Count the lines in the material below that contain the word "body" and give the number alone.

(Material for the task begins)

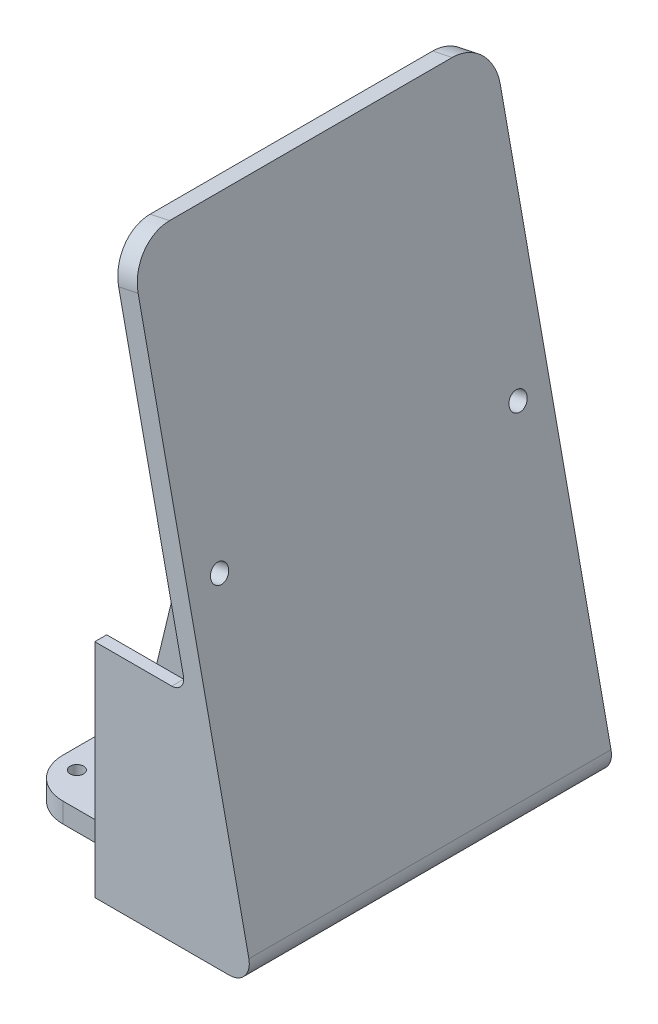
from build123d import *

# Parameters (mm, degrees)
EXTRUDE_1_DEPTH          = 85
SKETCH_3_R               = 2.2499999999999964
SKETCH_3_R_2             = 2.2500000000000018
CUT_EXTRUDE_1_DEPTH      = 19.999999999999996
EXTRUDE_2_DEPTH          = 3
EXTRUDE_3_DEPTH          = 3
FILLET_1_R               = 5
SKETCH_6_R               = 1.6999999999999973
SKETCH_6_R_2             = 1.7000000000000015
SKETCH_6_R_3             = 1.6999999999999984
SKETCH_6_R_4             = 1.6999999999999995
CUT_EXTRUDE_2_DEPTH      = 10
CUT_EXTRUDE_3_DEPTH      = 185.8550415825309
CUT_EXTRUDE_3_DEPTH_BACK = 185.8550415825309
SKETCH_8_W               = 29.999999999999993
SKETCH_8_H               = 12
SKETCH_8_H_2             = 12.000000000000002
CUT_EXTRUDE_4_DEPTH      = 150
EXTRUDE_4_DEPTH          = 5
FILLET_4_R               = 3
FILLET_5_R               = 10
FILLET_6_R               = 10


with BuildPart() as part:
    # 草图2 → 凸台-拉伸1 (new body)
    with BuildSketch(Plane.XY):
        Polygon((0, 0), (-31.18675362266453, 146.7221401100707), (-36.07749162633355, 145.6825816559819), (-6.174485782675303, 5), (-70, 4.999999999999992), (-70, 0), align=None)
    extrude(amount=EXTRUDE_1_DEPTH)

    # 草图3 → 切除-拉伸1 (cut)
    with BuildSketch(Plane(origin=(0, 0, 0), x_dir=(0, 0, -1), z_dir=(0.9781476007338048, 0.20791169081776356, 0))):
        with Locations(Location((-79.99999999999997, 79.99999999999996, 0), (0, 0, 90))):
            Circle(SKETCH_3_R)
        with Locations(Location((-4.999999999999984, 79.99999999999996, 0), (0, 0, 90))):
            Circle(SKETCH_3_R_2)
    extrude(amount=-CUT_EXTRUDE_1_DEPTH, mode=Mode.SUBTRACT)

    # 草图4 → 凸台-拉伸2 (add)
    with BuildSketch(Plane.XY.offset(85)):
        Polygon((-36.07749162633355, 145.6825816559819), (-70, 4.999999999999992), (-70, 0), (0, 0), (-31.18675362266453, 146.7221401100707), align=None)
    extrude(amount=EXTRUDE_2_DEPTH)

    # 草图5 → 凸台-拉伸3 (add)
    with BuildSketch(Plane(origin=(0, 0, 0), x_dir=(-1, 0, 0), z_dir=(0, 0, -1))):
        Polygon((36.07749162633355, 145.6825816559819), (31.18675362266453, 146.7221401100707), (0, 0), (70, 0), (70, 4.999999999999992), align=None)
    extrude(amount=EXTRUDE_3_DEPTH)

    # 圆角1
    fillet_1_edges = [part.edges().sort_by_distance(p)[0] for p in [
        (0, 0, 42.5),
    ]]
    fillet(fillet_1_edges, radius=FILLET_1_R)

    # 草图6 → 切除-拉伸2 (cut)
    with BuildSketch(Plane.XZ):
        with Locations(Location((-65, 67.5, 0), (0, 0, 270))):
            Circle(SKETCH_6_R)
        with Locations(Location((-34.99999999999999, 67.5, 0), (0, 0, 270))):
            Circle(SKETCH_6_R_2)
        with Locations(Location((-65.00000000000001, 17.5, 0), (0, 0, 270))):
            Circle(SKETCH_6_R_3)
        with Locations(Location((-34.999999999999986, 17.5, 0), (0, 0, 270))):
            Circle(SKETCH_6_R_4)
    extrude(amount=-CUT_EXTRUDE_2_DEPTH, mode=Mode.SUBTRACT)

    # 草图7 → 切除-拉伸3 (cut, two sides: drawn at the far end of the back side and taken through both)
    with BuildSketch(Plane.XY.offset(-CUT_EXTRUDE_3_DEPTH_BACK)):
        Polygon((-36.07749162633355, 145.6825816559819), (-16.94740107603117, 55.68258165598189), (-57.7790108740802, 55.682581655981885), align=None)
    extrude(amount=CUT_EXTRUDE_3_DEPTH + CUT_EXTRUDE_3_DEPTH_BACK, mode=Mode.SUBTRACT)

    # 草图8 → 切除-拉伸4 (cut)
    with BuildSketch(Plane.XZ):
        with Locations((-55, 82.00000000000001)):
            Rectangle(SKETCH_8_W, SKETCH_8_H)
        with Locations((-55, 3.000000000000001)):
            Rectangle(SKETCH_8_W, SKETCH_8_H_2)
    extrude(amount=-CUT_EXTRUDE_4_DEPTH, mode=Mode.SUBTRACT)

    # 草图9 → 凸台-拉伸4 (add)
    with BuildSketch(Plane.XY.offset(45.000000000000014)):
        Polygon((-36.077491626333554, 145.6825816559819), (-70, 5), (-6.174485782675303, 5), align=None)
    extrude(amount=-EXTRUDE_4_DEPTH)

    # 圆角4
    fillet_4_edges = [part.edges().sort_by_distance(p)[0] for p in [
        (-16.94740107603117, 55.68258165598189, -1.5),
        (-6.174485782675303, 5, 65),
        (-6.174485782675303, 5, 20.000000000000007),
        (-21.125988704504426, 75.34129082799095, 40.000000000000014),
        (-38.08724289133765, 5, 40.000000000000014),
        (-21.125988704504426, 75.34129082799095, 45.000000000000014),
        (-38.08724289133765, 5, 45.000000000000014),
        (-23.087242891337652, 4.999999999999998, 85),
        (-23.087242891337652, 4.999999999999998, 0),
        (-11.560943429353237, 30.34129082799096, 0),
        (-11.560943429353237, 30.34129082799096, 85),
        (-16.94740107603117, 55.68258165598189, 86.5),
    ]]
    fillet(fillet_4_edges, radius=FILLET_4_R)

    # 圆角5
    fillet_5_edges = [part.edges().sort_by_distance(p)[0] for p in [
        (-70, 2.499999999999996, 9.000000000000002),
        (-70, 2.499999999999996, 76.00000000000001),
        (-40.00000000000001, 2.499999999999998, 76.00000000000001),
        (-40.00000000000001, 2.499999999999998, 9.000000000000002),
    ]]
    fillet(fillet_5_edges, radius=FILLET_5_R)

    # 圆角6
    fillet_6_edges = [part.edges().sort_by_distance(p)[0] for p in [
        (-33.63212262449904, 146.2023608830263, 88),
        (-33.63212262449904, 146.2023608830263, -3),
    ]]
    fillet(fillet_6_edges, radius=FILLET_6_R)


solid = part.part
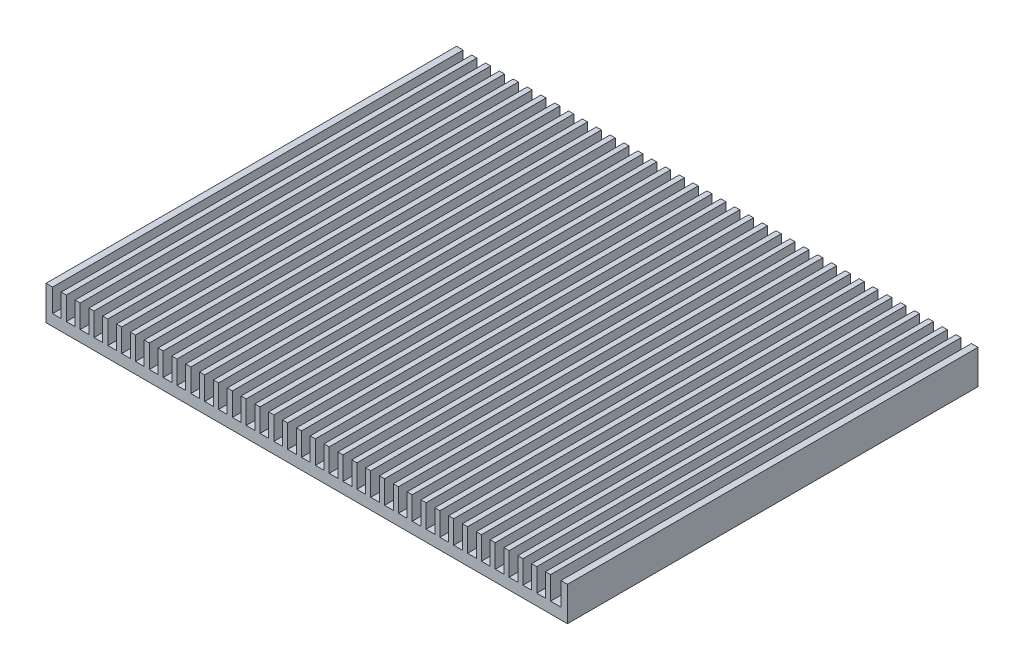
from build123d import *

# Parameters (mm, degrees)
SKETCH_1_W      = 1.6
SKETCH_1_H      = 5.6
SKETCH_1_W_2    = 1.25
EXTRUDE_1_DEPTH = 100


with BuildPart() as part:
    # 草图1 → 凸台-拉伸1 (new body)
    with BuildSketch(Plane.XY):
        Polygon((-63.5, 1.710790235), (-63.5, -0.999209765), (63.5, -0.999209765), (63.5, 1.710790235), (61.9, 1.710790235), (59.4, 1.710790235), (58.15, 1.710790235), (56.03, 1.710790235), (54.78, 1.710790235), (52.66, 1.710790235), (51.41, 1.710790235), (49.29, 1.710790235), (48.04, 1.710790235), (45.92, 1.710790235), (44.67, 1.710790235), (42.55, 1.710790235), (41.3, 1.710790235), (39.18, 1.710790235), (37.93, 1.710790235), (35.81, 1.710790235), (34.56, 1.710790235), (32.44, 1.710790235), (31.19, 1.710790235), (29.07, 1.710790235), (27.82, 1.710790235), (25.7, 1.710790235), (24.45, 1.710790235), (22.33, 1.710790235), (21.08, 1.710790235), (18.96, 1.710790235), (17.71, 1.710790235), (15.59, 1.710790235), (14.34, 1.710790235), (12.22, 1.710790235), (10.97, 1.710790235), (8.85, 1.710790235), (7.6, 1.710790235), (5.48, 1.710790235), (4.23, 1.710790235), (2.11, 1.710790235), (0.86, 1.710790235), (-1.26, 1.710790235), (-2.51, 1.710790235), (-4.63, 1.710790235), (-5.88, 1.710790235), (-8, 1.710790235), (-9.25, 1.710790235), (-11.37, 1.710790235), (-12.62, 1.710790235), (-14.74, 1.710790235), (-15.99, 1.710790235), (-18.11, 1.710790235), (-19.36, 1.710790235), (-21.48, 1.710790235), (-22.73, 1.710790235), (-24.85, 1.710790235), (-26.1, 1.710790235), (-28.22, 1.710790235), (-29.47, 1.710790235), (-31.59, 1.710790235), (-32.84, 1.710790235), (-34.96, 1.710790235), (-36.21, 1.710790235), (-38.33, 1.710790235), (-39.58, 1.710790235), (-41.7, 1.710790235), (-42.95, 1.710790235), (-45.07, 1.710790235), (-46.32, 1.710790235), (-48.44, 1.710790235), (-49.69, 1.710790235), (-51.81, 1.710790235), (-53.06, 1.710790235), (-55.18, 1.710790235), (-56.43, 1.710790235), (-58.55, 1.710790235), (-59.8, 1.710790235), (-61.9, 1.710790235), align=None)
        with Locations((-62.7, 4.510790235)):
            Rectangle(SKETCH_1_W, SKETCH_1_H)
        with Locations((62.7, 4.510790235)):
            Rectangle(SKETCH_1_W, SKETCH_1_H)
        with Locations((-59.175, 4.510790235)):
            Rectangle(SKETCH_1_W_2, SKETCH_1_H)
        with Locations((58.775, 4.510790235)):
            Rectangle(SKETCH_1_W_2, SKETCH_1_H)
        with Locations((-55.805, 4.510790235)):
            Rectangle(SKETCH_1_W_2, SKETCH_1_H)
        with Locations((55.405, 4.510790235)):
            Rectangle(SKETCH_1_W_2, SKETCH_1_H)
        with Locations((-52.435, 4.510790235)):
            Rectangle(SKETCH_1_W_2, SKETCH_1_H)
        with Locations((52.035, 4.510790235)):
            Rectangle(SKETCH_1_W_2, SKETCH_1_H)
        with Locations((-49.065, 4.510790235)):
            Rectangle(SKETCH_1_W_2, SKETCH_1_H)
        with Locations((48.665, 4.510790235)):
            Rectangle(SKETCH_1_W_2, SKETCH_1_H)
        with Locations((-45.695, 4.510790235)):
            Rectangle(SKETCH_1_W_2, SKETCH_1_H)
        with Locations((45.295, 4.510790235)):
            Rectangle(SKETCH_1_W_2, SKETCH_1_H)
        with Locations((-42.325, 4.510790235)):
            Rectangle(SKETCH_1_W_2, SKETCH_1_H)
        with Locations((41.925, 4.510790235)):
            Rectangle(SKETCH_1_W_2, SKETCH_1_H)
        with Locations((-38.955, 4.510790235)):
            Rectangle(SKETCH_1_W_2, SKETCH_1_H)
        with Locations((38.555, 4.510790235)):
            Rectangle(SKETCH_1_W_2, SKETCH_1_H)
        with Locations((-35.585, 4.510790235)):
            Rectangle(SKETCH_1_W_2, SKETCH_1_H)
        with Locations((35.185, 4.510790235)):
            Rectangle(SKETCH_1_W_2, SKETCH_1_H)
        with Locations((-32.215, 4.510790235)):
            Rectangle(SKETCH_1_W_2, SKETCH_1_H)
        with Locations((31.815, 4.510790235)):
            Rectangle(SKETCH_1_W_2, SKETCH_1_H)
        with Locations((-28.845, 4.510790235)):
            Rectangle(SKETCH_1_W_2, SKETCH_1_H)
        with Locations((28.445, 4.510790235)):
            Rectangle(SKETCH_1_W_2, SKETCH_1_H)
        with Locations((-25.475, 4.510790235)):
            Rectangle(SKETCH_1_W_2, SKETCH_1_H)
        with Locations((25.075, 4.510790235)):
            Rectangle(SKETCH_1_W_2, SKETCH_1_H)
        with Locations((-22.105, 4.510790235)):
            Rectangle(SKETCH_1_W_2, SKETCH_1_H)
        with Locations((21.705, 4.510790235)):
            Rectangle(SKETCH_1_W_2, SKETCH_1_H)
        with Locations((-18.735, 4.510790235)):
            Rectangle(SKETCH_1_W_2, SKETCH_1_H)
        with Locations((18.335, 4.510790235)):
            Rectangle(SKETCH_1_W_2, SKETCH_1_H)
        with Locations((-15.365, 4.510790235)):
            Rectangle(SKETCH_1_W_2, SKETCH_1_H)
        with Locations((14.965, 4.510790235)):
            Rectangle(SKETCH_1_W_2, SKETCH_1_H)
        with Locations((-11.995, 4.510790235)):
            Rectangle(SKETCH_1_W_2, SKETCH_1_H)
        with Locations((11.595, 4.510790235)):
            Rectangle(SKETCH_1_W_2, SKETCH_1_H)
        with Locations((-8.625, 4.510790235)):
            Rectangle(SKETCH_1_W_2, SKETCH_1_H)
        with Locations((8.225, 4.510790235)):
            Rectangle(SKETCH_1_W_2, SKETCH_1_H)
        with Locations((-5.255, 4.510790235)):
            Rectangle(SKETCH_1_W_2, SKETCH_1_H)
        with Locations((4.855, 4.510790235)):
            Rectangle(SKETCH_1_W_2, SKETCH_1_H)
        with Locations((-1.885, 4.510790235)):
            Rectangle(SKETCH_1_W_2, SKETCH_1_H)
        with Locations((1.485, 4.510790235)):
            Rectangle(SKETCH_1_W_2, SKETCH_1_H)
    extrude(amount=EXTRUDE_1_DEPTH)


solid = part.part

(Material for the task ends)

▶ **Answer**
2